> [WHAT YOU NEED TO DO]:
Write out again, please, the records below from the first line to the line holding "apart from this", inclusive, and nothing else.

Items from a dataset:
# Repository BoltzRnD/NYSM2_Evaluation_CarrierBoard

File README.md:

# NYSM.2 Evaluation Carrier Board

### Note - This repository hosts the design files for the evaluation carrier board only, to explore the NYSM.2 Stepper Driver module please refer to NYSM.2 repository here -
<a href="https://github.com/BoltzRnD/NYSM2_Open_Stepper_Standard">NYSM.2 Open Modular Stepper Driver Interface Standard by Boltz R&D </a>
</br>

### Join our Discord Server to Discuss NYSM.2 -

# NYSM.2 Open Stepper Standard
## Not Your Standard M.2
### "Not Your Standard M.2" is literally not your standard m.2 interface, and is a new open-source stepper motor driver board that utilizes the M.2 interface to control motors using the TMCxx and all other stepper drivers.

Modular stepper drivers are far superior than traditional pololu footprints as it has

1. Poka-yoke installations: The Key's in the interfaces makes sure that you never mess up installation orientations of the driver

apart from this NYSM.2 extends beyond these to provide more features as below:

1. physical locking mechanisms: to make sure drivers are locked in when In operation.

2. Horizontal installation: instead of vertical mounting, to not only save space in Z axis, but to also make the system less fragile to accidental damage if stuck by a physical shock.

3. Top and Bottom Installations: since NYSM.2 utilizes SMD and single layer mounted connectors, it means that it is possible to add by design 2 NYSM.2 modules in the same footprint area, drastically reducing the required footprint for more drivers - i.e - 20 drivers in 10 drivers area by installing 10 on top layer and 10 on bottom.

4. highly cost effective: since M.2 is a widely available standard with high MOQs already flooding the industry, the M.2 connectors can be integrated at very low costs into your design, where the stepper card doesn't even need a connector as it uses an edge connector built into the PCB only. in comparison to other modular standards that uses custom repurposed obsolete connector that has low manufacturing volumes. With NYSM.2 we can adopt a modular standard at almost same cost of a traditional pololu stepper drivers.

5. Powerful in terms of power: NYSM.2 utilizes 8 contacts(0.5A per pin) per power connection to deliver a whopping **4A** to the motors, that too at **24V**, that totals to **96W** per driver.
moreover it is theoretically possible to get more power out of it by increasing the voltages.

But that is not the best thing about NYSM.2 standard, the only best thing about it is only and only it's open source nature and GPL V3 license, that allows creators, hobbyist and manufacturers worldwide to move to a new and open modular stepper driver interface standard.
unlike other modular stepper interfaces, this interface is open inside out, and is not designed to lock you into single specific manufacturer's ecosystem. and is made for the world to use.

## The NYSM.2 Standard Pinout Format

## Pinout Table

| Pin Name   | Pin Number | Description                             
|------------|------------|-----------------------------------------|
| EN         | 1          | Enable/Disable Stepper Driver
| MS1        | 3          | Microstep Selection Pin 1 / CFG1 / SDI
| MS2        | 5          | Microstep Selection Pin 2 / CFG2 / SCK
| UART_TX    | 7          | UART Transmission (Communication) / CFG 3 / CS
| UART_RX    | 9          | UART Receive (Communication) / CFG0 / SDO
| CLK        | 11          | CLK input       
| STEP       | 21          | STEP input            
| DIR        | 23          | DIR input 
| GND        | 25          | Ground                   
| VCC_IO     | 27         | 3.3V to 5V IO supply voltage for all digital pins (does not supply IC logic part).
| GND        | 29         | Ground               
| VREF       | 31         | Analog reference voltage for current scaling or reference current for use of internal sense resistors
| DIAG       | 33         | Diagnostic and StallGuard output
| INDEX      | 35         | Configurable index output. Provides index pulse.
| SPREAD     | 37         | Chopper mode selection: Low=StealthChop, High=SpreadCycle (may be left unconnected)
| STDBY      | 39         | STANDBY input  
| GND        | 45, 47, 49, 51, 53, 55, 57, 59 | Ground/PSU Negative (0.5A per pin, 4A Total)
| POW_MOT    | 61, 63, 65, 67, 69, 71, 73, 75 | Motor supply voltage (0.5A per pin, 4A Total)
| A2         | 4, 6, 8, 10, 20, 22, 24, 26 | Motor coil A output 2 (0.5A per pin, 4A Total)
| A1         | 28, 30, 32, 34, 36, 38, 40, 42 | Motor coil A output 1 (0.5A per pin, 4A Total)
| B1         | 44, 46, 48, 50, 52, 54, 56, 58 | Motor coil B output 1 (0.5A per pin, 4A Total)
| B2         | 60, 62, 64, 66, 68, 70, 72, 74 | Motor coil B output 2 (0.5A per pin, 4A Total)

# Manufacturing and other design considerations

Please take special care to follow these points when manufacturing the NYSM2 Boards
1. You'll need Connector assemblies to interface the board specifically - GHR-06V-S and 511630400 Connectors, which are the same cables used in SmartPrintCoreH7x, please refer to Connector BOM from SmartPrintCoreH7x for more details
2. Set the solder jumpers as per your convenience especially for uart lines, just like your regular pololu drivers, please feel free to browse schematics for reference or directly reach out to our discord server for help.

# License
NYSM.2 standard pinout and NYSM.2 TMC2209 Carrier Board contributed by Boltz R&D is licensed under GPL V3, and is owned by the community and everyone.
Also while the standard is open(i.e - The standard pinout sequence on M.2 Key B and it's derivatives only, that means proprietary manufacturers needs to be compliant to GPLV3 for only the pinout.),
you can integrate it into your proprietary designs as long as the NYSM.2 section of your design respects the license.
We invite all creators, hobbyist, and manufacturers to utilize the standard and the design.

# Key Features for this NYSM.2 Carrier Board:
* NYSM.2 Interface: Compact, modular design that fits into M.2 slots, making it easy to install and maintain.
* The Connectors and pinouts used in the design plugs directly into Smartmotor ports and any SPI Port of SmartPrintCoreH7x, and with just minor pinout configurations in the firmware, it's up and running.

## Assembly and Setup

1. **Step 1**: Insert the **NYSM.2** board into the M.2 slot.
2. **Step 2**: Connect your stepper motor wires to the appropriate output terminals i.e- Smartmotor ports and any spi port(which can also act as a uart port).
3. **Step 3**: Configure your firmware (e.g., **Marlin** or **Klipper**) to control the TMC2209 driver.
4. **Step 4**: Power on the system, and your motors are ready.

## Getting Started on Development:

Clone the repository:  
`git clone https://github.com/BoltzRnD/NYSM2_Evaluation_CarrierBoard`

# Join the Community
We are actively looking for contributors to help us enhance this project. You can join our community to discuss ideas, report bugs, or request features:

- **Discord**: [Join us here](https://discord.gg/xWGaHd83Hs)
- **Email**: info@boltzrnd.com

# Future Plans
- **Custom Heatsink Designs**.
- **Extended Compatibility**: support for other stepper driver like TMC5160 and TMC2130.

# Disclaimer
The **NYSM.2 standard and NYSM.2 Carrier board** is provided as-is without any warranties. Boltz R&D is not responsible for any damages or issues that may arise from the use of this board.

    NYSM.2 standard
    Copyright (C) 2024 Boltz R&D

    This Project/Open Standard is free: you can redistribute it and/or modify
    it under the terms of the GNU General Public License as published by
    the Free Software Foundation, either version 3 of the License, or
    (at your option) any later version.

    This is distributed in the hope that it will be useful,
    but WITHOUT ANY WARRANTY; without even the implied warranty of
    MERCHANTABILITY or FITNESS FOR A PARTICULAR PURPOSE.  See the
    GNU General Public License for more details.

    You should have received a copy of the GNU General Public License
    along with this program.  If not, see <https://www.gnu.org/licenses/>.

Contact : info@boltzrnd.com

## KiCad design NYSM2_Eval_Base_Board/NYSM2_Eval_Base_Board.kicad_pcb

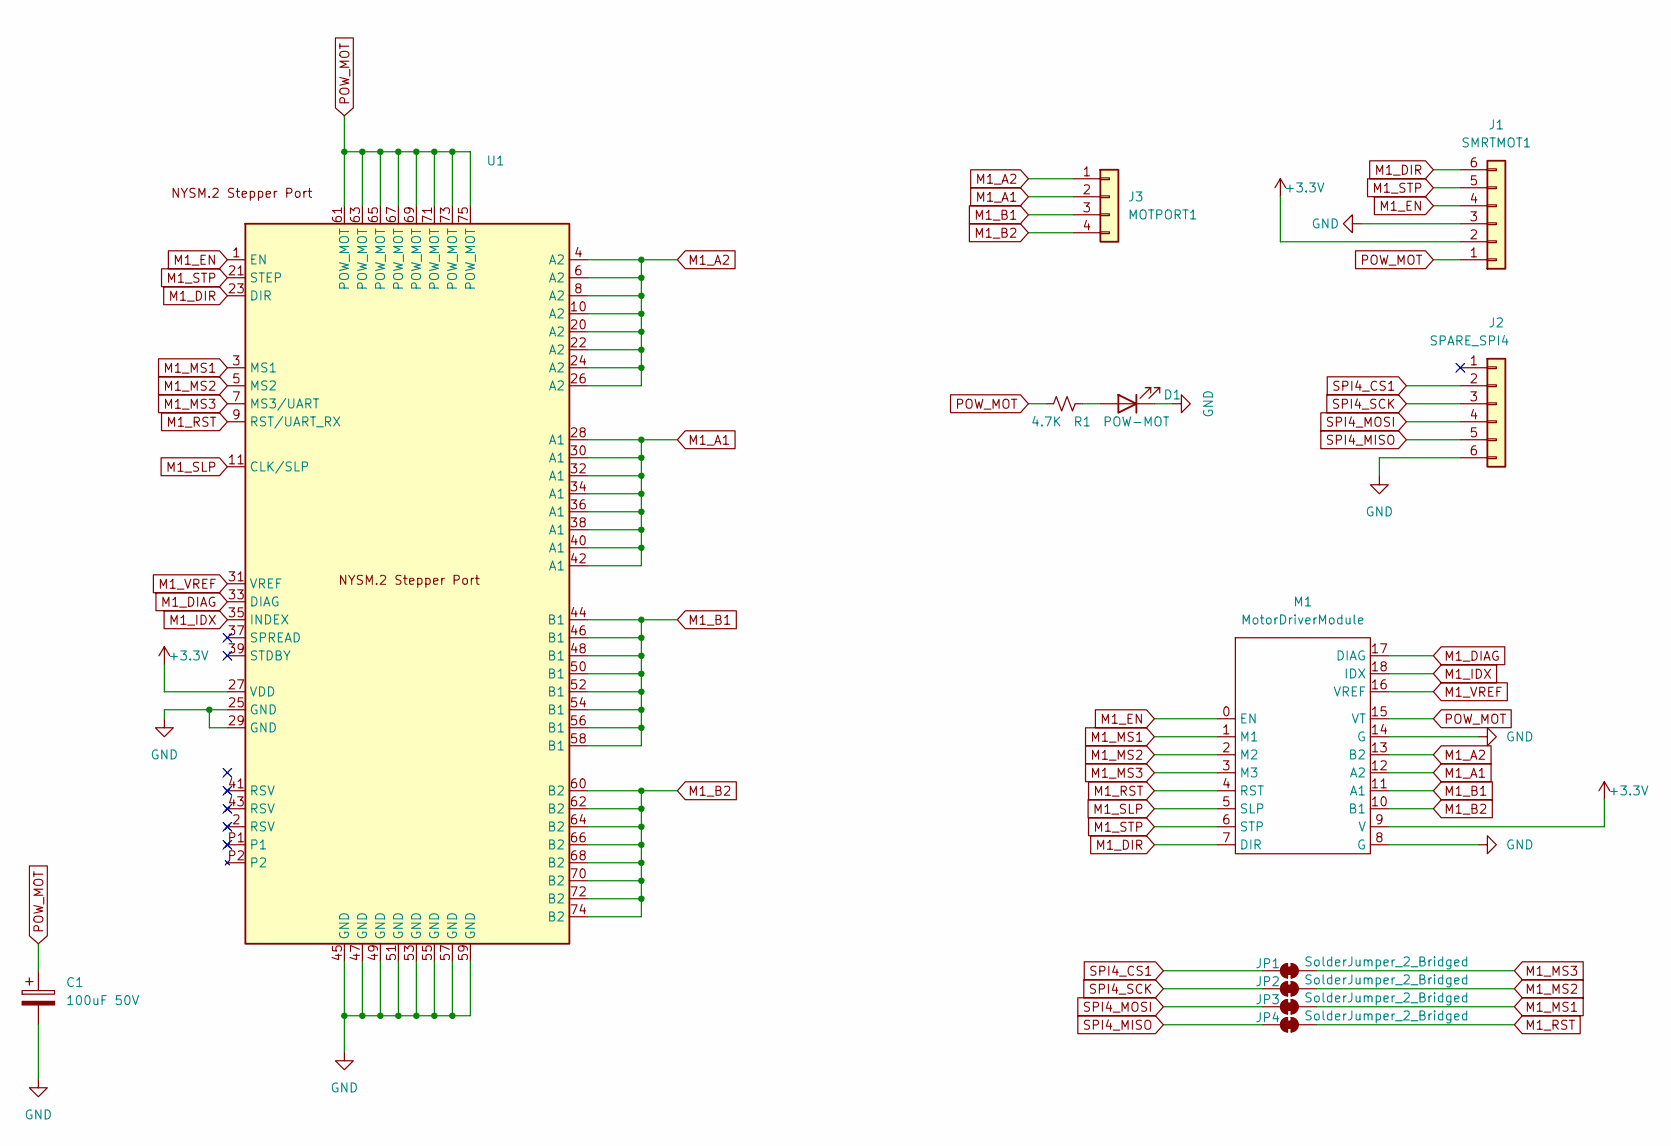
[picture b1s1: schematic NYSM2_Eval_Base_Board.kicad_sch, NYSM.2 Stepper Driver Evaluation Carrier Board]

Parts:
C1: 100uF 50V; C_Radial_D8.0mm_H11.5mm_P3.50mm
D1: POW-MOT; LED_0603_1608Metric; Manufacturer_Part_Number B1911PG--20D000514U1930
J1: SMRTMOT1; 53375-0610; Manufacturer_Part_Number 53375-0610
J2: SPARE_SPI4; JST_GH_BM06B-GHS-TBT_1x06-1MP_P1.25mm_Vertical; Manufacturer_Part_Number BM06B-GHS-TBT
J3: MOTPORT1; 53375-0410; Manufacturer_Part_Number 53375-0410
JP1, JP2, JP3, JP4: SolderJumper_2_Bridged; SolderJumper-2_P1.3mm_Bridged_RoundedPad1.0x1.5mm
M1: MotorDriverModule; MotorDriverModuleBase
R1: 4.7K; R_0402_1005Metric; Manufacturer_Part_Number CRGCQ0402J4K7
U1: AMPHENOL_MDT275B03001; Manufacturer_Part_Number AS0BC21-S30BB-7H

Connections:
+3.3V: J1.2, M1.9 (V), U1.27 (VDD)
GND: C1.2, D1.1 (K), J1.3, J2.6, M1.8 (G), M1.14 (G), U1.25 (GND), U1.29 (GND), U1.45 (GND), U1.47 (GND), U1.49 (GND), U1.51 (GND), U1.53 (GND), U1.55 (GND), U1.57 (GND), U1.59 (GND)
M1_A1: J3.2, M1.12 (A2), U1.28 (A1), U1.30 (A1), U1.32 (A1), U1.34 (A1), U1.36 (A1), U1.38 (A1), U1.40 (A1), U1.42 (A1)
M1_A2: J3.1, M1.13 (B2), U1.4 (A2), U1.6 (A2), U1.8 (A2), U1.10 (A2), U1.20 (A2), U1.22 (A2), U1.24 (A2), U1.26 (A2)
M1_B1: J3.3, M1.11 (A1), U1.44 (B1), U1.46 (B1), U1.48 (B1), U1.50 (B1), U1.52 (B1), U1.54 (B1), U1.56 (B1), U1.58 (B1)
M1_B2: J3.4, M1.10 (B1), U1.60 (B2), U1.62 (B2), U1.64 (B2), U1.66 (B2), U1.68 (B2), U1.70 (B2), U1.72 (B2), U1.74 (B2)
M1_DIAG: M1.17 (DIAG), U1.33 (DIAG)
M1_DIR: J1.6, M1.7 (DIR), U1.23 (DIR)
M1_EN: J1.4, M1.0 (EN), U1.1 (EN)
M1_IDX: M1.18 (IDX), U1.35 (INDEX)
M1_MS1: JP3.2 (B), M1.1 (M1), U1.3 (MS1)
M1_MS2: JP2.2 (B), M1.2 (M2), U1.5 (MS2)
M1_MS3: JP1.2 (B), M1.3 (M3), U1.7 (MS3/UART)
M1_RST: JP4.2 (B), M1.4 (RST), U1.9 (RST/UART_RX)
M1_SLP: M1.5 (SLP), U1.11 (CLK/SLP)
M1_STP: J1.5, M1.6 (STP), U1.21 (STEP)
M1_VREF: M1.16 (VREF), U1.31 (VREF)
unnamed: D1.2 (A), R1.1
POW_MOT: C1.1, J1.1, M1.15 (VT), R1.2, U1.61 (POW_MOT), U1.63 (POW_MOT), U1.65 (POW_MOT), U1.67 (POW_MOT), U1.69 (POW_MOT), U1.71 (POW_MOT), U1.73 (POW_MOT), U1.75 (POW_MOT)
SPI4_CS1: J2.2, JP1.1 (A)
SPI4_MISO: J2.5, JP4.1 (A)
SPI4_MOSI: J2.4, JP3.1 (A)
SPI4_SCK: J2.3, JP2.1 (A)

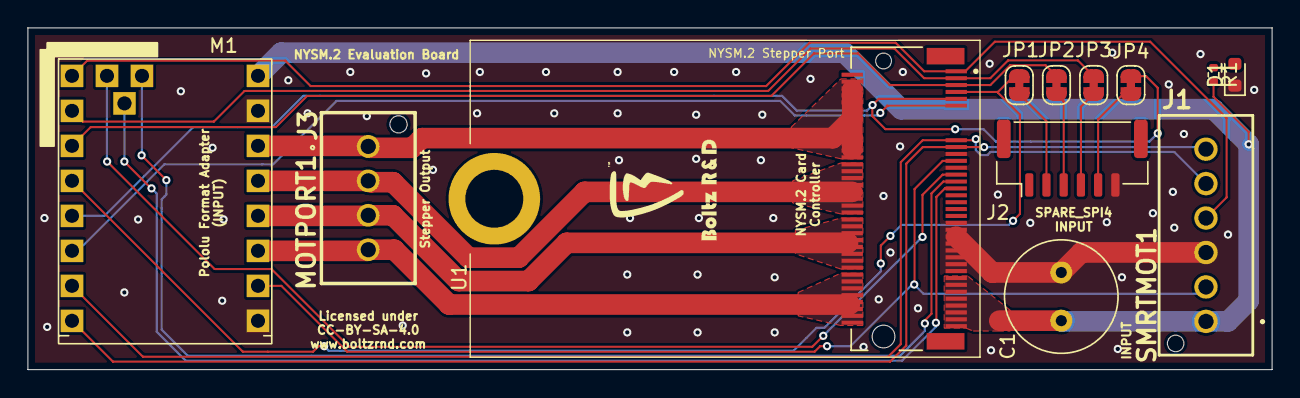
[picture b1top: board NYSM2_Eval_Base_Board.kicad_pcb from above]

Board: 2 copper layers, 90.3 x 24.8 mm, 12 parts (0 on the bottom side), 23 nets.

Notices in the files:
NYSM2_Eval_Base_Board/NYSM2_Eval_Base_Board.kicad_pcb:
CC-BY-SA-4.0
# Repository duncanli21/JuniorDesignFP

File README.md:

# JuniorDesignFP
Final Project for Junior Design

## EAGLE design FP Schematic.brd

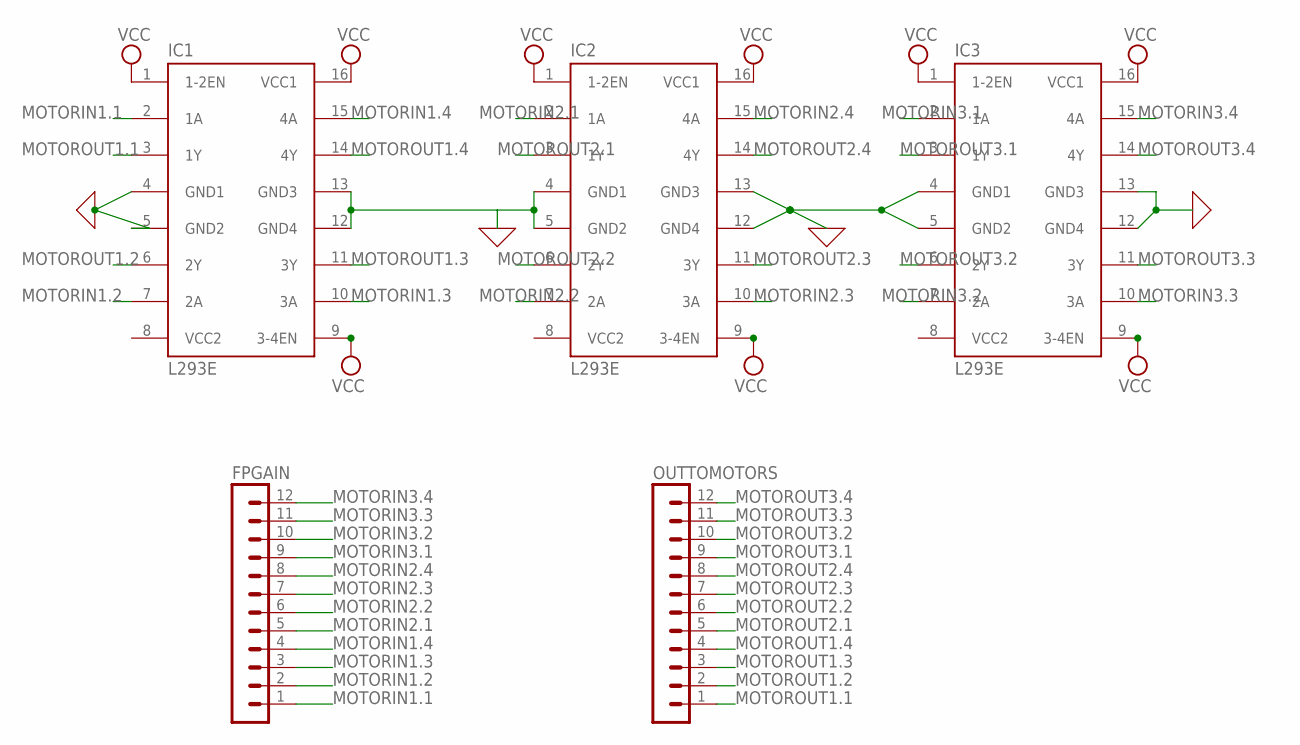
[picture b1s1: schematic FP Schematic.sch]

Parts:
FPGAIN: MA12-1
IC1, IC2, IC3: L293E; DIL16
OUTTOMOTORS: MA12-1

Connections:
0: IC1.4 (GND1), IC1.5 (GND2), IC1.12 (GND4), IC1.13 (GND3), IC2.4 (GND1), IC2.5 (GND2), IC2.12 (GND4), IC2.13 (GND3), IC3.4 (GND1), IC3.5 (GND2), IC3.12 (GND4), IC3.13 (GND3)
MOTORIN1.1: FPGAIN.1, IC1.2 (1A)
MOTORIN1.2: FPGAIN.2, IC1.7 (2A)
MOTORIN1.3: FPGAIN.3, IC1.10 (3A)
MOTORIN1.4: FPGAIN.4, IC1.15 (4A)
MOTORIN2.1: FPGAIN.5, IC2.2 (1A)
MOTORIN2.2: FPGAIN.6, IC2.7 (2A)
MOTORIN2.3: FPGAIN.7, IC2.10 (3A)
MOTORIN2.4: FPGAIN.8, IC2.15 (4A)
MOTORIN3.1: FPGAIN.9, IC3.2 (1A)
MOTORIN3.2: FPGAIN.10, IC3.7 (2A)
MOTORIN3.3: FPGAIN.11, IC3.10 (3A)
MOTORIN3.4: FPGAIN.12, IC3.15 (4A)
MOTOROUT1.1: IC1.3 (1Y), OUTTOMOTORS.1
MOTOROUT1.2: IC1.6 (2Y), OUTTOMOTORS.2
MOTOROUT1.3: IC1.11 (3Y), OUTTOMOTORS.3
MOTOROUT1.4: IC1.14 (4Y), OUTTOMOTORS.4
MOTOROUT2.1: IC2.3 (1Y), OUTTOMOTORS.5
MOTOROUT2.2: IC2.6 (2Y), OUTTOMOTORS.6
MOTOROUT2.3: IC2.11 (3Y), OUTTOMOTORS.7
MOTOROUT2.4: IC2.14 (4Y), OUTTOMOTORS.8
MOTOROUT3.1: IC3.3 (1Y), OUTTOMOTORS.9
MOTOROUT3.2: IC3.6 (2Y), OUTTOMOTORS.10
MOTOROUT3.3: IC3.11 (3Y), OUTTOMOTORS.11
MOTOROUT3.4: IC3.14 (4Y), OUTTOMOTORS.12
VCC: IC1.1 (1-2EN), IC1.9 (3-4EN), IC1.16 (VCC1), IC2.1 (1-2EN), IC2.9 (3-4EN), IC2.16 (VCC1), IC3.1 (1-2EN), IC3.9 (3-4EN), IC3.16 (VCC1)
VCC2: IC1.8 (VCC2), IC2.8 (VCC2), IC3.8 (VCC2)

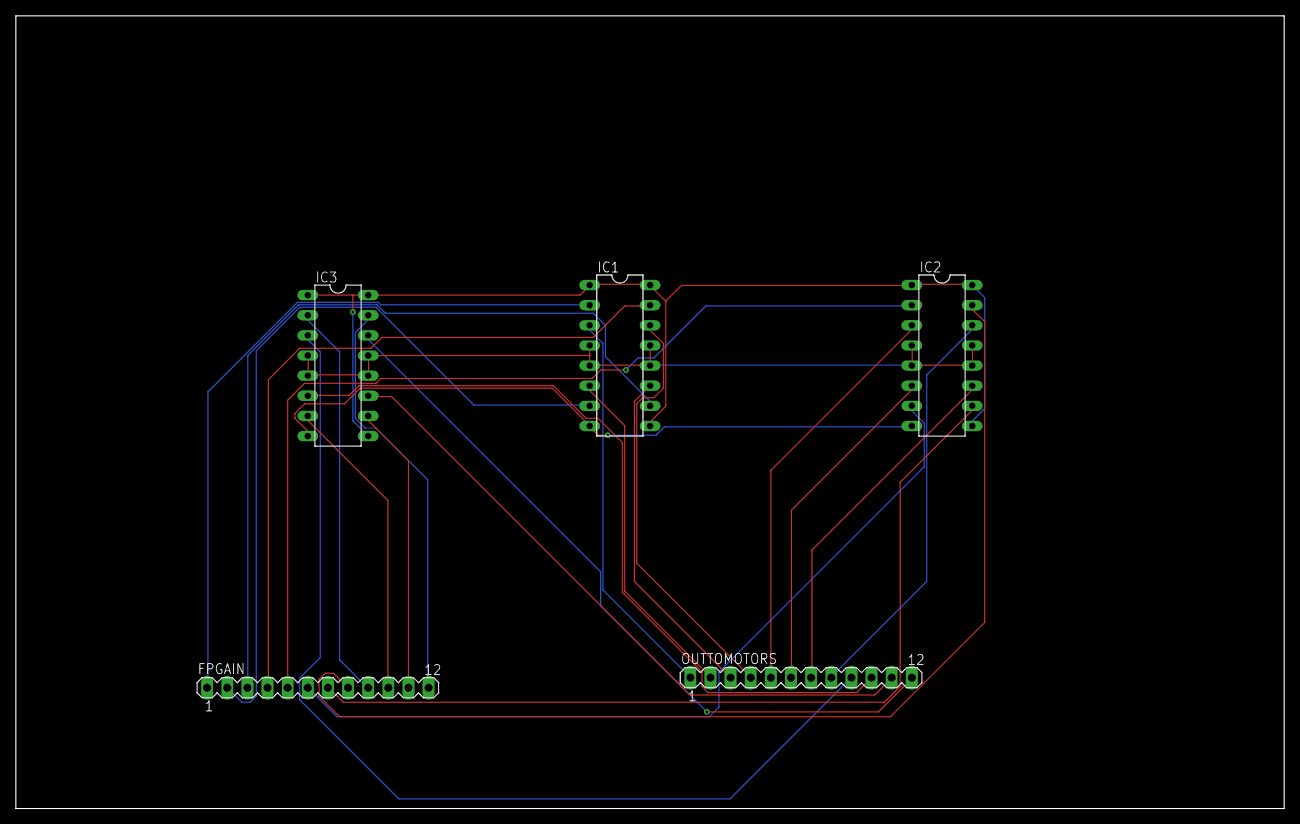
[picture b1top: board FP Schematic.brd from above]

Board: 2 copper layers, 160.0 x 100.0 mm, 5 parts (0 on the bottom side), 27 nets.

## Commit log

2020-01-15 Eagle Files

> [SOLVED PROBLEM]:
# Repository BoltzRnD/NYSM2_Evaluation_CarrierBoard

File README.md:

# NYSM.2 Evaluation Carrier Board

### Note - This repository hosts the design files for the evaluation carrier board only, to explore the NYSM.2 Stepper Driver module please refer to NYSM.2 repository here -
<a href="https://github.com/BoltzRnD/NYSM2_Open_Stepper_Standard">NYSM.2 Open Modular Stepper Driver Interface Standard by Boltz R&D </a>
</br>

### Join our Discord Server to Discuss NYSM.2 -

# NYSM.2 Open Stepper Standard
## Not Your Standard M.2
### "Not Your Standard M.2" is literally not your standard m.2 interface, and is a new open-source stepper motor driver board that utilizes the M.2 interface to control motors using the TMCxx and all other stepper drivers.

Modular stepper drivers are far superior than traditional pololu footprints as it has

1. Poka-yoke installations: The Key's in the interfaces makes sure that you never mess up installation orientations of the driver

apart from this NYSM.2 extends beyond these to provide more features as below:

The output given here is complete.